И я, жалея в них нищих, галантно кадила — и отходила. Я ведь многих, многих поэтов знала. И больше всего любила, когда им просто хотелось есть — или просто болел зуб: это человечески сближало. Я была НЯНЬКОЙ при поэтах — совсем не поэтом — и не Музой! — молодой (иногда трагической!) нянькой. — Вот. — С поэтами я всегда забывала, что я — поэт. А они, можно сказать — и не подозревали.
Вы, Пастернак, в полной чистоте сердца — мой первый поэт, т. е. судьба разворачивающаяся на моих глазах, и я так же спокойно (<пропуск одного слова>) говорю Пастернак — как Байрон. Ни о ком не могу сказать сейчас: я его современник, если скажу — польщу, пощажу, солгу. И вот, Пастернак, я счастлива быть Вашим современником. Читайте это так же отрешенно, как я пишу, дело не в Вас и не во мне, это безлично, и Вы это знаете. Исповедуются не священнику, а Богу. Исповедуюсь (не каюсь, а воскаждаю) не Вам, a Daemon’y [112] в Вас. Он больше Вас, но Вы настолько велики, что это знаете.

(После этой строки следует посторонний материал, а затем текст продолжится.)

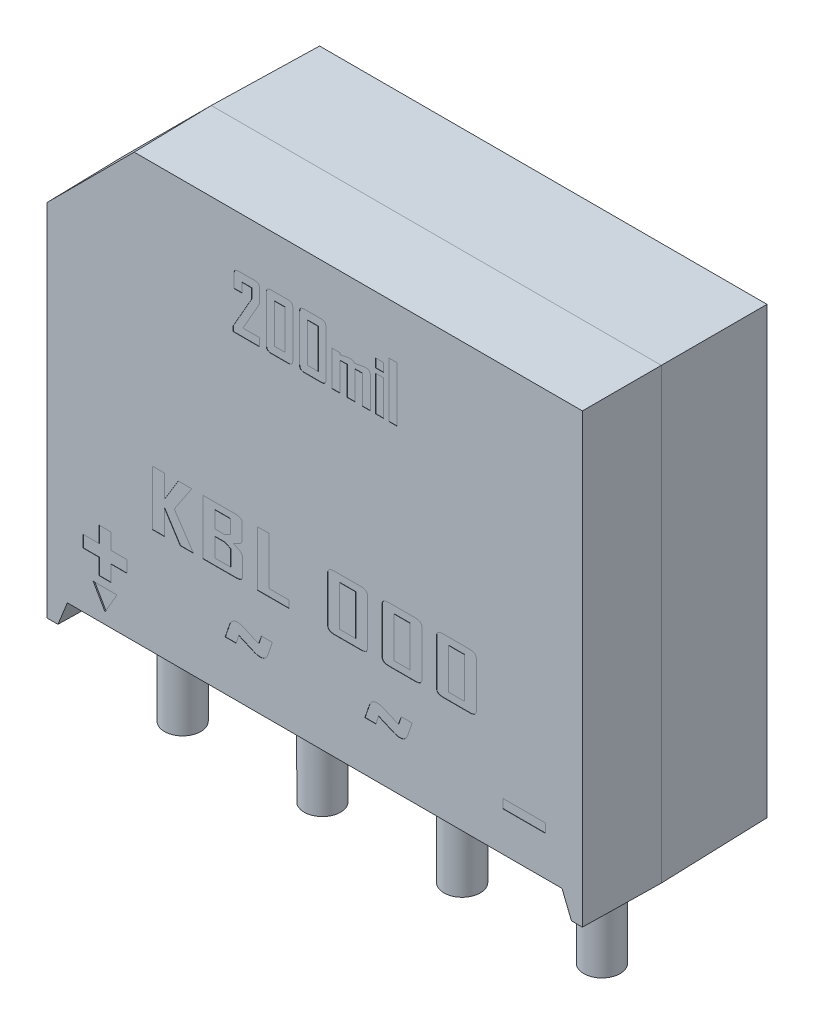
from build123d import *
from OCP.BRepFilletAPI import BRepFilletAPI_MakeChamfer

# Parameters (mm, degrees)
BODY_MAIN_DEPTH            = 2.82
BODY_MAIN_DEPTH_BACK       = 3.91
SKETCH1_W                  = 19.56
SKETCH1_H                  = 16.3
CUT_EXTRUDE2_DEPTH         = 25.773834988
BODY_CHAMFER_SIZE          = 3.2
BODY_CHAMFER1_SIZE         = 2.82
BODY_CHAMFER1_SIZE2        = 0.049223283
BODY_CHAMFER2_SIZE         = 0.068249304
BODY_CHAMFER2_SIZE_2       = 3.91
SKETCH10_R                 = 0.66
PIN_STRAIGHT_PATTERN_COUNT = 4
PIN_STRAIGHT_PATTERN_PITCH = 5.08
SKETCH5_W                  = 0.578313253
SKETCH5_H                  = 1.469879518
SKETCH5_W_2                = 0.385542169
SKETCH5_H_2                = 1.421686747
SKETCH5_W_3                = 0.294427711
SKETCH5_H_3                = 0.313253012
SKETCH5_W_4                = 0.289156626
SKETCH5_H_4                = 1.277108434
SKETCH5_H_5                = 2
SKETCH5_W_5                = 1.554216868
SKETCH5_H_6                = 0.325301205
TEXT_2_DEPTH               = 0.01
PIN1_MARK_DEPTH            = 0.04


with BuildPart() as part:
    # Sketch1 → BODY_MAIN (new, two sides: drawn at the far end of the back side and taken through both)
    with BuildSketch(Plane.XY.offset(-BODY_MAIN_DEPTH_BACK)):
        with Locations((7.62, 8.15)):
            Rectangle(SKETCH1_W, SKETCH1_H)
    extrude(amount=BODY_MAIN_DEPTH + BODY_MAIN_DEPTH_BACK)

    # Sketch18 → Cut-Extrude2 (cut, through all)
    with BuildSketch(Plane.XY.offset(2.82)):
        Polygon((16.576779019, 0.8), (-1.336779019, 0.8), (-1.66, 0), (-1.66, -1), (16.9, -1), (16.9, 0), align=None)
    extrude(amount=-CUT_EXTRUDE2_DEPTH, mode=Mode.SUBTRACT)

    # BODY_Chamfer
    body_chamfer_edges = [part.edges().sort_by_distance(p)[0] for p in [
        (-2.16, 16.3, -0.545),
    ]]
    chamfer(body_chamfer_edges, length=BODY_CHAMFER_SIZE)

    # BODY_Chamfer1: one chamfer whose edges measure the first distance from different faces: ONE call of the kernel's chamfer builder (chamfer() names one face for all edges)
    body_chamfer1_edges_1 = [part.edges().sort_by_distance(p)[0] for p in [
        (17.4, 8.15, 2.82),
    ]]
    body_chamfer1_side_1 = [part.faces().sort_by_distance(p)[0] for p in [
        (17.4, 8.15, -0.545),
    ]]
    body_chamfer1_edges_2 = [part.edges().sort_by_distance(p)[0] for p in [
        (9.22, 16.3, 2.82),
    ]]
    body_chamfer1_side_2 = [part.faces().sort_by_distance(p)[0] for p in [
        (9.22, 16.3, -0.545),
    ]]
    body_chamfer1_edges_3 = [part.edges().sort_by_distance(p)[0] for p in [
        (16.73838951, 0.4, 2.82),
    ]]
    body_chamfer1_side_3 = [part.faces().sort_by_distance(p)[0] for p in [
        (16.73838951, 0.4, -0.545),
    ]]
    body_chamfer1_edges_4 = [part.edges().sort_by_distance(p)[0] for p in [
        (7.62, 0.8, 2.82),
    ]]
    body_chamfer1_side_4 = [part.faces().sort_by_distance(p)[0] for p in [
        (7.62, 0.8, -0.545),
    ]]
    body_chamfer1_edges_5 = [part.edges().sort_by_distance(p)[0] for p in [
        (-1.49838951, 0.4, 2.82),
    ]]
    body_chamfer1_side_5 = [part.faces().sort_by_distance(p)[0] for p in [
        (-1.49838951, 0.4, -0.545),
    ]]
    body_chamfer1_edges_6 = [part.edges().sort_by_distance(p)[0] for p in [
        (-2.16, 6.55, 2.82),
    ]]
    body_chamfer1_side_6 = [part.faces().sort_by_distance(p)[0] for p in [
        (-2.16, 6.55, -0.545),
    ]]
    body_chamfer1_edges_7 = [part.edges().sort_by_distance(p)[0] for p in [
        (-0.56, 14.7, 2.82),
    ]]
    body_chamfer1_side_7 = [part.faces().sort_by_distance(p)[0] for p in [
        (-0.56, 14.7, -0.545),
    ]]
    body_chamfer1 = BRepFilletAPI_MakeChamfer(part.part.solid().wrapped)
    for e in body_chamfer1_edges_1:
        body_chamfer1.Add(BODY_CHAMFER1_SIZE, BODY_CHAMFER1_SIZE2, e.wrapped, body_chamfer1_side_1[0].wrapped)  # the first distance lies on this face
    for e in body_chamfer1_edges_2:
        body_chamfer1.Add(BODY_CHAMFER1_SIZE, BODY_CHAMFER1_SIZE2, e.wrapped, body_chamfer1_side_2[0].wrapped)  # the first distance lies on this face
    for e in body_chamfer1_edges_3:
        body_chamfer1.Add(BODY_CHAMFER1_SIZE, BODY_CHAMFER1_SIZE2, e.wrapped, body_chamfer1_side_3[0].wrapped)  # the first distance lies on this face
    for e in body_chamfer1_edges_4:
        body_chamfer1.Add(BODY_CHAMFER1_SIZE, BODY_CHAMFER1_SIZE2, e.wrapped, body_chamfer1_side_4[0].wrapped)  # the first distance lies on this face
    for e in body_chamfer1_edges_5:
        body_chamfer1.Add(BODY_CHAMFER1_SIZE, BODY_CHAMFER1_SIZE2, e.wrapped, body_chamfer1_side_5[0].wrapped)  # the first distance lies on this face
    for e in body_chamfer1_edges_6:
        body_chamfer1.Add(BODY_CHAMFER1_SIZE, BODY_CHAMFER1_SIZE2, e.wrapped, body_chamfer1_side_6[0].wrapped)  # the first distance lies on this face
    for e in body_chamfer1_edges_7:
        body_chamfer1.Add(BODY_CHAMFER1_SIZE, BODY_CHAMFER1_SIZE2, e.wrapped, body_chamfer1_side_7[0].wrapped)  # the first distance lies on this face
    add(Compound.cast(body_chamfer1.Shape()), mode=Mode.REPLACE)

    # BODY_Chamfer2
    # the kernel refuses this chamfer: 3.91, 0.068249304 mm, written as the material it takes off along each edge
    with BuildSketch(Plane(origin=(27.565942739, 0, -3.91), x_dir=(0, 1, 0), z_dir=(-1, 0, 0)), Plane(origin=(8.505942739, 0, -3.91), x_dir=(0, 1, 0), z_dir=(-1, 0, 0))) as body_chamfer2_piece_1:
        Polygon((BODY_CHAMFER2_SIZE * 0.999999998085, 0), (0, -BODY_CHAMFER2_SIZE_2), (0, 0), align=None)
    extrude(amount=20.831885478, mode=Mode.SUBTRACT)
    with BuildSketch(Plane(origin=(17.4, 26.465942739, -3.91), x_dir=(-1, 0, 0), z_dir=(0, -1, 0))) as body_chamfer2_piece_2:
        Polygon((BODY_CHAMFER2_SIZE * 0.999999998085, 0), (0, -BODY_CHAMFER2_SIZE_2), (0, 0), align=None)
    extrude(amount=36.631885478, mode=Mode.SUBTRACT)
    with BuildSketch(Plane(origin=(-9.125942739, 16.3, -3.91), x_dir=(0, 0, 1), z_dir=(1, 0, 0))) as body_chamfer2_piece_3:
        Polygon((BODY_CHAMFER2_SIZE_2, 0), (0, BODY_CHAMFER2_SIZE * 0.999999998085), (0, 0), align=None)
    extrude(amount=36.691885478, mode=Mode.SUBTRACT)
    with BuildSketch(Plane(origin=(-2.16, -10.165942739, -3.91), x_dir=(1, 0, 0), z_dir=(0, 1, 0))) as body_chamfer2_piece_4:
        Polygon((BODY_CHAMFER2_SIZE * 0.999999998085, 0), (0, -BODY_CHAMFER2_SIZE_2), (0, 0), align=None)
    extrude(amount=33.431885478, mode=Mode.SUBTRACT)
    with BuildSketch(Plane(origin=(-5.468229178, -9.425697974, -3.91), x_dir=(-0.9271838545667888, 0.37460659341590863, 0), z_dir=(0.3746065934159087, 0.9271838545667888, 0))) as body_chamfer2_piece_5_section:
        Polygon((BODY_CHAMFER2_SIZE * 0.999999998085, 0), (0, BODY_CHAMFER2_SIZE_2), (0, 0), align=None)
    body_chamfer2_piece_5 = extrude(amount=21.194713272, mode=Mode.PRIVATE)
    body_chamfer2_piece_5 = split(body_chamfer2_piece_5, bisect_by=Plane(origin=(-5.468229178, 0.865113907, -3.73037321), z_dir=(0, -0.9998476951563913, -0.01745240643728347)), keep=Keep.TOP, mode=Mode.PRIVATE)
    add(body_chamfer2_piece_5, mode=Mode.SUBTRACT)
    with BuildSketch(Plane(origin=(-11.502721758, 0.8, -3.91), x_dir=(0, 1, 0), z_dir=(1, 0, 0))) as body_chamfer2_piece_6_section:
        Polygon((BODY_CHAMFER2_SIZE * 0.999999998085, 0), (0, BODY_CHAMFER2_SIZE_2), (0, 0), align=None)
    body_chamfer2_piece_6 = extrude(amount=38.245443517, mode=Mode.PRIVATE)
    body_chamfer2_piece_6 = split(body_chamfer2_piece_6, bisect_by=Plane(origin=(12.692287806, 10.575418398, -3.454507316), z_dir=(-0.9270426399748221, -0.3745495390172843, -0.01745240643728383)), keep=Keep.TOP, mode=Mode.PRIVATE)
    body_chamfer2_piece_6 = split(body_chamfer2_piece_6, bisect_by=Plane(origin=(-2.829289047, -2.704294284, -4.073285125), z_dir=(0.9270426399748225, -0.37454953901728366, -0.01745240643728332)), keep=Keep.TOP, mode=Mode.PRIVATE)
    add(body_chamfer2_piece_6, mode=Mode.SUBTRACT)
    with BuildSketch(Plane(origin=(12.768549841, 10.225697974, -3.91), x_dir=(0.9271838545667884, 0.37460659341590935, 0), z_dir=(0.3746065934159094, -0.9271838545667885, 0))) as body_chamfer2_piece_7_section:
        Polygon((BODY_CHAMFER2_SIZE * 0.999999998085, 0), (0, BODY_CHAMFER2_SIZE_2), (0, 0), align=None)
    body_chamfer2_piece_7 = extrude(amount=21.194713272, mode=Mode.PRIVATE)
    body_chamfer2_piece_7 = split(body_chamfer2_piece_7, bisect_by=Plane(origin=(12.768549841, 0.871099456, -4.073285125), z_dir=(0, -0.9998476951563913, -0.01745240643728347)), keep=Keep.TOP, mode=Mode.PRIVATE)
    add(body_chamfer2_piece_7, mode=Mode.SUBTRACT)
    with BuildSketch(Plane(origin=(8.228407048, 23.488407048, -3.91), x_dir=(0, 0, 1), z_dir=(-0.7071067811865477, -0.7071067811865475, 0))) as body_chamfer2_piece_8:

Последний месяц этой осени я <пропуск одного слова> провела с Вами, не расставаясь, не с книгой. Я одно время часто ездила в Прагу, — и вот, на нашей крохотной станции — ожидание поезда. Я приходила рано, в начале темноты, когда фонари загорались. (Повороты рельс.) Ходила взад и вперед по темной платформе — далё-ёко! И было одно место: фонарный столб — без света — это было место встречи (конец платформы), я просто вызывала Вас сюда, и долгие бок о бок беседы, никогда не садясь, всегда на ногах.
В два места я бы хотела бы с Вами: в Weimar, к Goethe и на Кавказ (единственное место в России, где я мыслю Гёте).
Я не скажу, что Вы мне необходимы, Вы в моей жизни необходны, как тот фонарный шест, — который всегда встанет, на всех моих путях. В начале темноты, в конце платформы.
Тогда осенью я совсем не смущалась, что Вы этого ничего не знаете — видите, не писала же, и не написала бы никогда, если бы не Ваше письмо, — не потому что тайна, а потому что Вы всё это сами знаете — может быть только с другого конца: по ту сторону платформы. (Там где кончается платформа начинается Пастернак. Формула той платформы. Той осени. Меня той осени.)
«Хочу» — можно и расхотеть, хочу — вздор. У меня и в детстве не было хотений.
«На вокзал» было: к Пастернаку, я не на станцию шла, а на свидание (надежнее всех, на которые когда-либо… Впрочем, мало ходила: не снисходила: пальцев одной руки хватит… Но об этом потом — тогда — или никогда)… Вы были моим счастливым свиданием, Пастернак.